Others seem to want to argue that everyone who has an opinion (and who doesn't have opinions in today's world), is a philosopher.
For whatever reason, whether out of ressentiment, or a need for easy and painless achievement, the effect of this movement has been a leveling of cultural values.
 
Grimlock
 
Reply Fri 12 Sep, 2008 12:27 pm
@jgweed,
I define intellectuals as people who are devoted to the destruction of old ideas, their own first and foremost.

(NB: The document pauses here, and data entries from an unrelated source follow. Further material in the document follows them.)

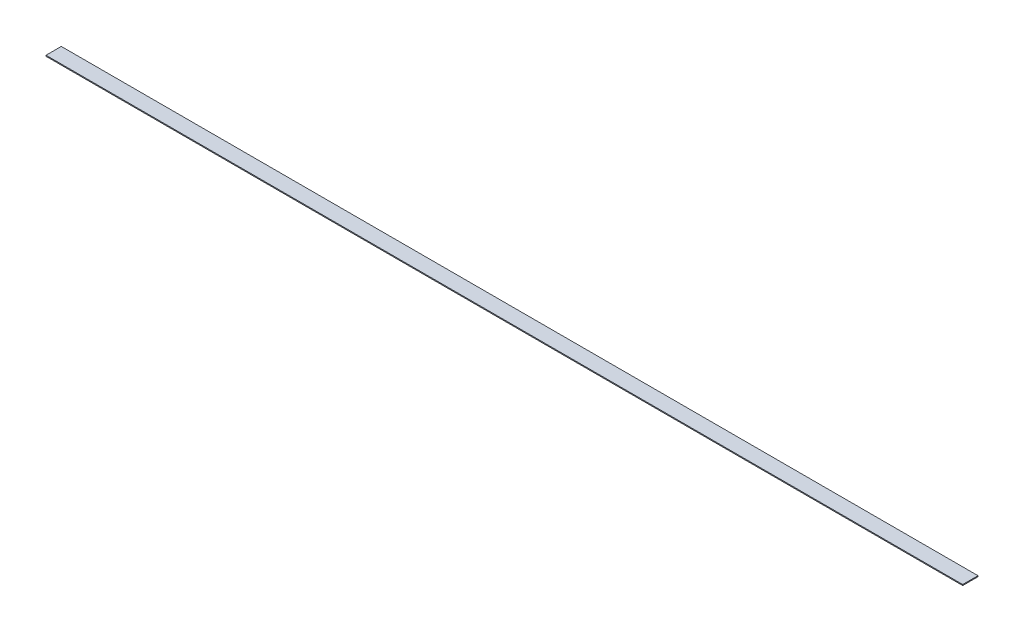
SolidWorks part; units mm, degrees
ref_plane "Front Plane" through (0, 0, 0) normal (0, 0, 1) x (1, 0, 0)
ref_plane "Top Plane" through (0, 0, 0) normal (0, 1, 0) x (1, 0, 0)
ref_plane "Right Plane" through (0, 0, 0) normal (1, 0, 0) x (0, 0, -1)
sketch "Sketch1" plane through (0, 0, 0) normal (0, 1, 0) x (1, 0, 0)
  line L1 (0, 0) -> (1524, 0)
  line L2 (0, 0) -> (0, 25.4)
  line L3 (0, 25.4) -> (1524, 25.4)
  line L4 (1524, 0) -> (1524, 25.4)
  dimension "D1" = 25.4
  dimension "D2" = 1524
extrude "Boss-Extrude1" add sketch "Sketch1" along normal blind 1.5875
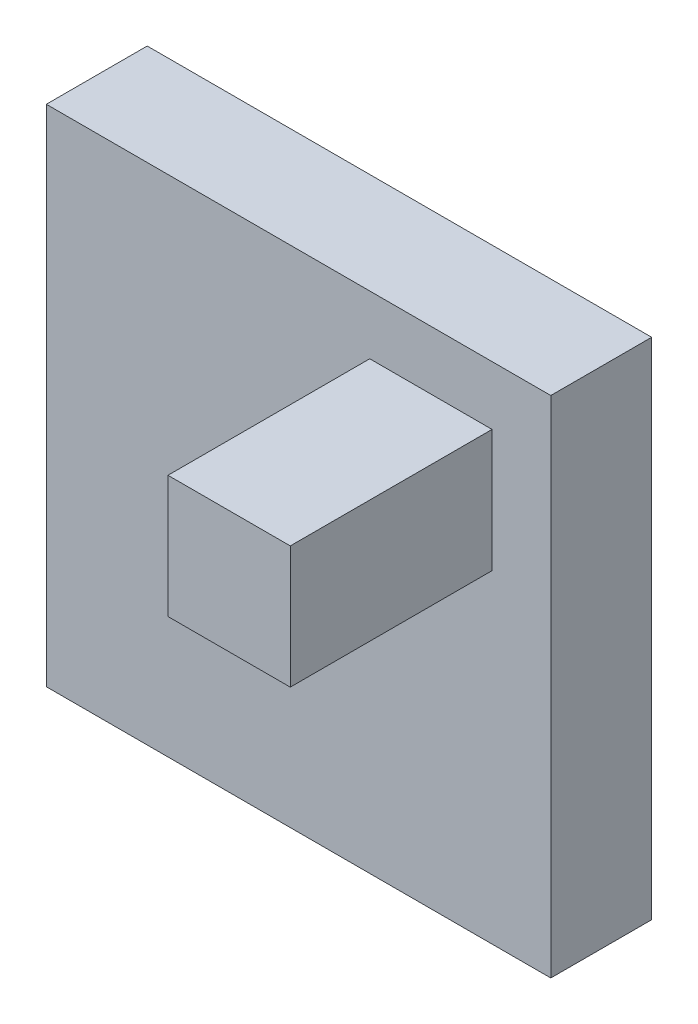
SolidWorks part; units mm, degrees
ref_plane "Front Plane" through (0, 0, 0) normal (0, 0, 1) x (1, 0, 0)
ref_plane "Top Plane" through (0, 0, 0) normal (0, 1, 0) x (1, 0, 0)
ref_plane "Right Plane" through (0, 0, 0) normal (1, 0, 0) x (0, 0, -1)
sketch "Sketch1" plane through (0, 0, 0) normal (0, 0, 1) x (1, 0, 0)
  line L1 (0, 0) -> (10, 0)
  line L2 (0, 0) -> (0, -10)
  line L3 (0, -10) -> (10, -10)
  line L4 (10, 0) -> (10, -10)
  dimension "D1" = 10
extrude "Boss-Extrude1" add sketch "Sketch1" along normal blind 2
sketch "Sketch2" plane through (0, 0, 2) normal (0, 0, 1) x (1, 0, 0)
  line L0 (6.4113, -1.1639) -> (6.4113, 0) construction
  line L1 (6.4113, -1.1639) -> (8.8361, -1.1639)
  line L2 (6.4113, -1.1639) -> (6.4113, -3.5887)
  line L3 (6.4113, -3.5887) -> (8.8361, -3.5887)
  line L4 (8.8361, -1.1639) -> (8.8361, -3.5887)
  line L5 (10, 0) -> (0, 0) construction
  line L6 (8.8361, -1.1639) -> (10, -1.1639) construction
  line L7 (10, -10) -> (10, 0) construction
  point P7 (6.4113, -3.5887)
extrude "Boss-Extrude2" add sketch "Sketch2" along normal blind 4

With that in mind, my intellectuals are neither a peaceful nor a popular lot, and at any rate thoroughly unsuited to the service of society, except in the highest sense, of course. All we can do is prepare the soil; attempting to "cultivate" intellect is a fool's errand, as it is only those who seize the brass ring of their own accord who are worth a damn at the end of the day.
 
Fido
 
Reply Fri 12 Sep, 2008 05:04 pm
@Grimlock,
It is not because ideas are old that they are destroyed, and in fact, they are dropped in the dirt and never picked up when they are found to be wrong, and use less. I trust every mind is like my garage and just as full as it can be; but no one has space, mental, or otherwise, for any junk beyond reclaimation. So, when an idea is proved wrong, a better one is sought or picked up if available. That is what happens, I guess, unless nothing is riding on it, like religion, which counts for nothing, and can keep garbage in plain view to the offense of every rational mind.